Correu
no Brasil dos smartfones e celulares o vídeo de um empresário dono de uma das
empresas denunciadas na Lava Jato. Ele foi hostilizado num resort. Não importa
a empresa, nem o local, nem o empresário, o emblemático é o fato. Ele reflete a
indignação dos que trabalham honestamente (ou invejam os esquemas fraudulentos
de enriquecimento ilícito), mas expressa, nos dois casos, a desconfiança das
instituições. Nenhum cidadão tem que hostilizar outro no espaço social. Cabe à
justiça julgar e punir, na forma da lei, quem errou. E assegurar a aplicação da
punição. Se algo deve fazer o cidadão honesto é acompanhar e cobrar o
funcionamento da justiça. O que a operação lava jato mostra é que faz tempo que
a política perdeu seu sentido verdadeiro e descobrimos, em nosso país, um novo
caso de amor entre o políticos e o grande empresariado.
Sabe-se
que a base da moral é a consciência individual, moral é uma interdição da
consciência para fazer o mal. É sempre possível agir moralmente, mesmo em
ambientes ruins. Contudo, ambientes ruins alimentam a imoralidade e permitem
que pessoas de moral frouxa encontrem mais espaço para agir. E um exemplo de ambiente
assim é o que se instalou em nosso país: quase quarenta partidos (sem qualquer razão
real para existir ou ideologia além de sobreviver e beneficiar os seus). O espectro
ideológico poderia ser coberto por três ou quatro partidos. As maiores
democracias do mundo não fogem a isso. Essa realidade se agrava com custos
crescentes da campanha eleitoral e o uso dos meios de comunicação de massa.
Essas mídias privilegiam a performance publicitária mais que as propostas e seu
detalhamento.
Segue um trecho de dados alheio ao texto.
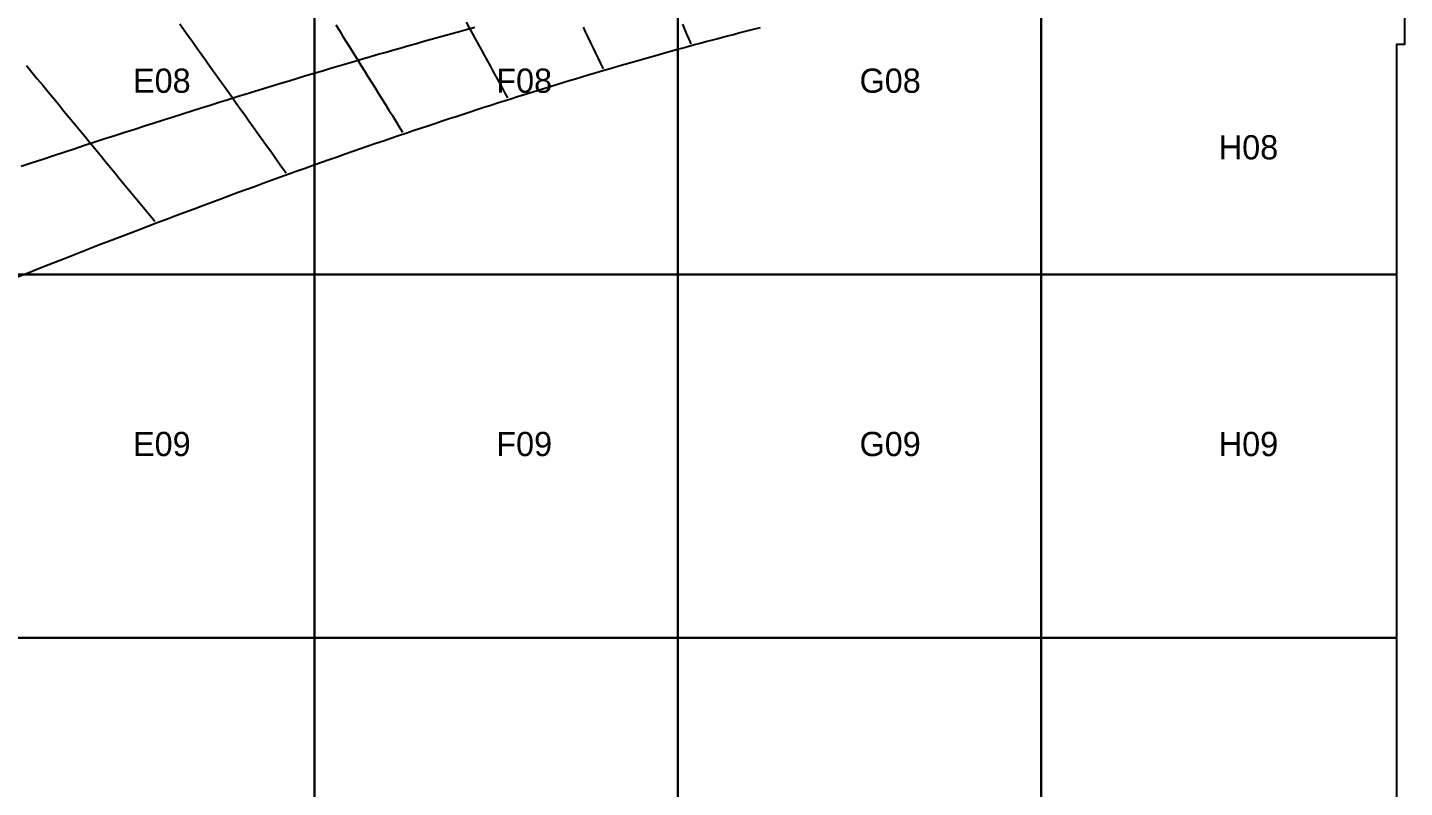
# Model space of a CAD drawing. Header units: millimetres. Extents: x -7250 to 7250, y -7250 to 7250.
# Drawn here: x -3411 to 0, y -1271 to 612 of the extents above; entities that cross this region are included whole.
import ezdxf

# ---------------------------------------------------------------- set-up
doc = ezdxf.new("R2010")
doc.units = ezdxf.units.MM
for name, color, linetype in [('CUT', 1, 'Continuous'), ('DECL', 30, 'Continuous'), ('HOUR', 7, 'Continuous'), ('HOUR15', 9, 'Continuous'), ('HOUR30', 8, 'Continuous'), ('ID', 3, 'Continuous')]:
    doc.layers.add(name, color=color, linetype=linetype)

msp = doc.modelspace()

# ---------------------------------------------------------------- linework, layer by layer
at = {"layer": 'CUT'}
for points in [[(-3600, 900), (-2700, 900), (-2700, 0), (-3600, 0), (-3600, 900)], [(-2700, 900), (-1800, 900), (-1800, 0), (-2700, 0), (-2700, 900)], [(-1800, 900), (-900, 900), (-900, 0), (-1800, 0), (-1800, 900)], [(-900, 900), (0, 900), (0, 570), (-20, 570), (-20, 0), (-900, 0), (-900, 900)], [(-3600, 0), (-2700, 0), (-2700, -900), (-3600, -900), (-3600, 0)], [(-2700, 0), (-1800, 0), (-1800, -900), (-2700, -900), (-2700, 0)], [(-1800, 0), (-900, 0), (-900, -900), (-1800, -900), (-1800, 0)], [(-900, 0), (-20, 0), (-20, -900), (-900, -900), (-900, 0)], [(-3600, -900), (-2700, -900), (-2700, -1800), (-3600, -1800), (-3600, -900)], [(-2700, -900), (-1800, -900), (-1800, -1800), (-2700, -1800), (-2700, -900)], [(-1800, -900), (-900, -900), (-900, -1800), (-1800, -1800), (-1800, -900)], [(-900, -900), (-20, -900), (-20, -1800), (-900, -1800), (-900, -900)]]:
    msp.add_lwpolyline(points, close=True, dxfattribs=at)
for radius in [7250, 6350]:
    msp.add_circle((0, 0), radius, dxfattribs=at)
at = {"layer": 'DECL'}
for points in [[(-3436.4, -6), (-3410, 4.4), (-3384, 14.7), (-3358.2, 24.9), (-3332.7, 34.9), (-3307.4, 44.8), (-3282.3, 54.6), (-3257.5, 64.3), (-3232.9, 73.8), (-3208.5, 83.2), (-3184.4, 92.5), (-3160.5, 101.7), (-3136.8, 110.8), (-3113.3, 119.7), (-3090, 128.6), (-3067, 137.3), (-3044.1, 145.9), (-3021.4, 154.5), (-2998.9, 162.9), (-2976.7, 171.2), (-2954.6, 179.4), (-2932.7, 187.5), (-2911, 195.6), (-2889.4, 203.5), (-2868.1, 211.3), (-2846.9, 219), (-2825.9, 226.7), (-2805, 234.3), (-2784.3, 241.7), (-2763.8, 249.1), (-2743.5, 256.4), (-2723.3, 263.6), (-2703.3, 270.7), (-2683.4, 277.8), (-2663.7, 284.7), (-2644.1, 291.6), (-2624.6, 298.4), (-2605.4, 305.1), (-2586.2, 311.8), (-2567.2, 318.4), (-2548.4, 324.9), (-2529.6, 331.3), (-2511, 337.6), (-2492.6, 343.9), (-2474.3, 350.1), (-2456.1, 356.3), (-2438, 362.3), (-2420, 368.3), (-2402.2, 374.3), (-2384.5, 380.2), (-2366.9, 386), (-2349.5, 391.7), (-2332.1, 397.4), (-2314.9, 403), (-2297.8, 408.6), (-2280.7, 414), (-2263.8, 419.5), (-2247.1, 424.8), (-2230.4, 430.2), (-2213.8, 435.4), (-2197.3, 440.6), (-2180.9, 445.8), (-2164.7, 450.8), (-2148.5, 455.9), (-2132.4, 460.9), (-2116.4, 465.8), (-2100.6, 470.7), (-2084.8, 475.5), (-2069.1, 480.2), (-2053.5, 485), (-2038, 489.6), (-2022.5, 494.2), (-2007.2, 498.8), (-1991.9, 503.3), (-1976.8, 507.8), (-1961.7, 512.2), (-1946.7, 516.6), (-1931.8, 520.9), (-1916.9, 525.2), (-1902.2, 529.4), (-1887.5, 533.6), (-1872.9, 537.7), (-1858.4, 541.8), (-1844, 545.9), (-1829.6, 549.9), (-1815.3, 553.9), (-1801.1, 557.8), (-1786.9, 561.7), (-1772.8, 565.5), (-1758.8, 569.3), (-1744.9, 573.1), (-1731, 576.8), (-1717.2, 580.5), (-1703.5, 584.1), (-1689.8, 587.7), (-1676.2, 591.3), (-1662.6, 594.8), (-1649.2, 598.3), (-1635.7, 601.8), (-1622.4, 605.2), (-1609.1, 608.6), (-1595.8, 611.9)], [(-3426.9, 268.1), (-3400.1, 277), (-3373.6, 285.8), (-3347.3, 294.6), (-3321.3, 303.1), (-3295.5, 311.6), (-3269.9, 320), (-3244.7, 328.3), (-3219.6, 336.4), (-3194.8, 344.5), (-3170.2, 352.5), (-3145.9, 360.3), (-3121.7, 368.1), (-3097.8, 375.7), (-3074.1, 383.3), (-3050.6, 390.8), (-3027.4, 398.1), (-3004.3, 405.4), (-2981.4, 412.6), (-2958.7, 419.7), (-2936.3, 426.8), (-2914, 433.7), (-2891.9, 440.5), (-2870, 447.3), (-2848.2, 454), (-2826.7, 460.6), (-2805.3, 467.1), (-2784.1, 473.6), (-2763.1, 480), (-2742.2, 486.3), (-2721.5, 492.5), (-2701, 498.6), (-2680.6, 504.7), (-2660.4, 510.7), (-2640.4, 516.7), (-2620.5, 522.5), (-2600.7, 528.3), (-2581.1, 534.1), (-2561.7, 539.7), (-2542.4, 545.3), (-2523.2, 550.9), (-2504.2, 556.3), (-2485.3, 561.7), (-2466.5, 567.1), (-2447.9, 572.4), (-2429.4, 577.6), (-2411, 582.8), (-2392.8, 587.9), (-2374.7, 592.9), (-2356.7, 597.9), (-2338.8, 602.9), (-2321.1, 607.7), (-2303.5, 612.6)]]:
    msp.add_lwpolyline(points, dxfattribs=at)
at = {"layer": 'HOUR'}
for points in [[(-2034.8, 612.2), (-2028.6, 599.2), (-2022.4, 586.3), (-2016.2, 573.5), (-2010.1, 560.6), (-2003.9, 547.8), (-1997.8, 535), (-1991.7, 522.3), (-1985.6, 509.6)], [(-3414, 517.5), (-3400.5, 501.2), (-3387.1, 484.9), (-3373.8, 468.8), (-3360.6, 452.7), (-3347.4, 436.7), (-3334.2, 420.8), (-3321.2, 404.9), (-3308.2, 389.2), (-3295.3, 373.5), (-3282.4, 357.9), (-3269.6, 342.3), (-3256.8, 326.9), (-3244.2, 311.5), (-3231.5, 296.1), (-3218.9, 280.9), (-3206.4, 265.7), (-3194, 250.6), (-3181.6, 235.5), (-3169.2, 220.5), (-3156.9, 205.6), (-3144.7, 190.8), (-3132.5, 176), (-3120.3, 161.2), (-3108.2, 146.5), (-3096.2, 131.9)]]:
    msp.add_lwpolyline(points, dxfattribs=at)
at = {"layer": 'HOUR15'}
for points in [[(-3034.4, 620.9), (-3023.4, 605.4), (-3012.3, 589.9), (-3001.3, 574.5), (-2990.4, 559.2), (-2979.5, 544), (-2968.7, 528.8), (-2957.9, 513.7), (-2947.1, 498.6), (-2936.4, 483.7), (-2925.8, 468.7), (-2915.2, 453.9), (-2904.6, 439.1), (-2894.1, 424.4), (-2883.6, 409.7), (-2873.1, 395.1), (-2862.7, 380.5), (-2852.4, 366), (-2842.1, 351.6), (-2831.8, 337.2), (-2821.5, 322.8), (-2811.3, 308.6), (-2801.2, 294.3), (-2791.1, 280.2), (-2781, 266), (-2770.9, 251.9)], [(-2324.4, 624.8), (-2316.9, 611.1), (-2309.5, 597.5), (-2302.1, 584), (-2294.7, 570.5), (-2287.4, 557), (-2280, 543.6), (-2272.7, 530.2), (-2265.5, 516.8), (-2258.2, 503.5), (-2250.9, 490.2), (-2243.7, 477), (-2236.5, 463.8), (-2229.3, 450.6), (-2222.2, 437.5)], [(-1788.9, 620.4), (-1783.6, 608), (-1778.4, 595.6), (-1773.2, 583.2), (-1768.1, 570.9)]]:
    msp.add_lwpolyline(points, dxfattribs=at)
at = {"layer": 'HOUR30'}
msp.add_lwpolyline([(-2647.8, 618.5), (-2638.8, 604.1), (-2629.8, 589.7), (-2620.9, 575.3), (-2612, 561), (-2603.1, 546.8), (-2594.2, 532.6), (-2585.4, 518.5), (-2576.7, 504.4), (-2567.9, 490.3), (-2559.2, 476.4), (-2550.5, 462.4), (-2541.9, 448.5), (-2533.2, 434.7), (-2524.6, 420.9), (-2516.1, 407.1), (-2507.5, 393.4), (-2499, 379.8), (-2490.5, 366.1), (-2482, 352.6)], dxfattribs=at)

# ---------------------------------------------------------------- texts
at = {"layer": 'ID'}
for s, p in [('E08', (-3150, 450)), ('F08', (-2250, 450)), ('G08', (-1350, 450)), ('H08', (-460, 285)), ('E09', (-3150, -450)), ('F09', (-2250, -450)), ('G09', (-1350, -450)), ('H09', (-460, -450))]:
    msp.add_text(s, height=60, dxfattribs=at).set_placement(p)

doc.saveas('drawing.dxf')

Some-se a isso uma população pouco escolarizada, com reduzido espírito
crítico e pequena capacidade de entender os problemas. Acrescente uma elite egoísta,
desejosa de prazer imediato e despreocupada com as consequências do que faz. Se
no dia a dia o esforço pessoal é o que conta, há certos problemas no espaço social
que se não forem resolvidos dificultam a vida de todos, dito de outro modo, não
é possível se salvar sozinho de um barco afundando e do qual não há como sair.
E assim enquanto alguns acham que se salvam em festas privadas e condomínios fechados,
a miséria e a ignorância permanecem e crescem geração após geração.
O
que a lava jato mostrou é o casamento, com juras de amor eterno: entre
políticos de carreira com o grande empresariado. As exceções existem e
confirmam a regra. O político discursa sobre o destino do povo, mas apenas quer
se manter no poder e o empresariado faz o discurso capitalista da livre
concorrência, mas não arrisca e ganha o grosso do seu dinheiro fazendo negociatas
com o Estado. Obtém recursos subsidiados e paga propina para garantir grandes
obras, em resumo, fraudam os mecanismos de controle do Estado e patrocinam os
esquemas de poder de políticos corruptos e seus comandados nas empresas
públicas. Casamento abençoado pela grande mídia que ganha fortuna com o jogo
político e a propaganda partidária e dos governos. Tudo isso num sistema mundial
que alimenta o consumo, o gozo irresponsável e o divertimento das massas.
Trata-se, enfim, de uma acomodação do patrimonialismo tradicional à nova
circunstância do mundo globalizado.
O
que se vê é que políticos e alguns grandes empresários reconstruíram as bases
do patrimonialismo tradicional, num mundo chamado de pós-moderno, em que as
circunstâncias são diferentes do capitalismo mercantil ou industrial. Refizeram
o discurso capitalista naquilo que convém a cada um. A corrupção existe em todo
o mundo, basta lembrar do que se passou na FIFA e recentemente e os casos de
corrupção denunciados na Turquia, na China, na Ucrânia, etc., mas ela não
fragiliza Estados fortes, nem os desvia de sua rota de longo prazo, porém fragiliza
os países emergentes, neles perpetua a miséria, pune os que trabalham
honestamente e piora a vida dos mais pobres.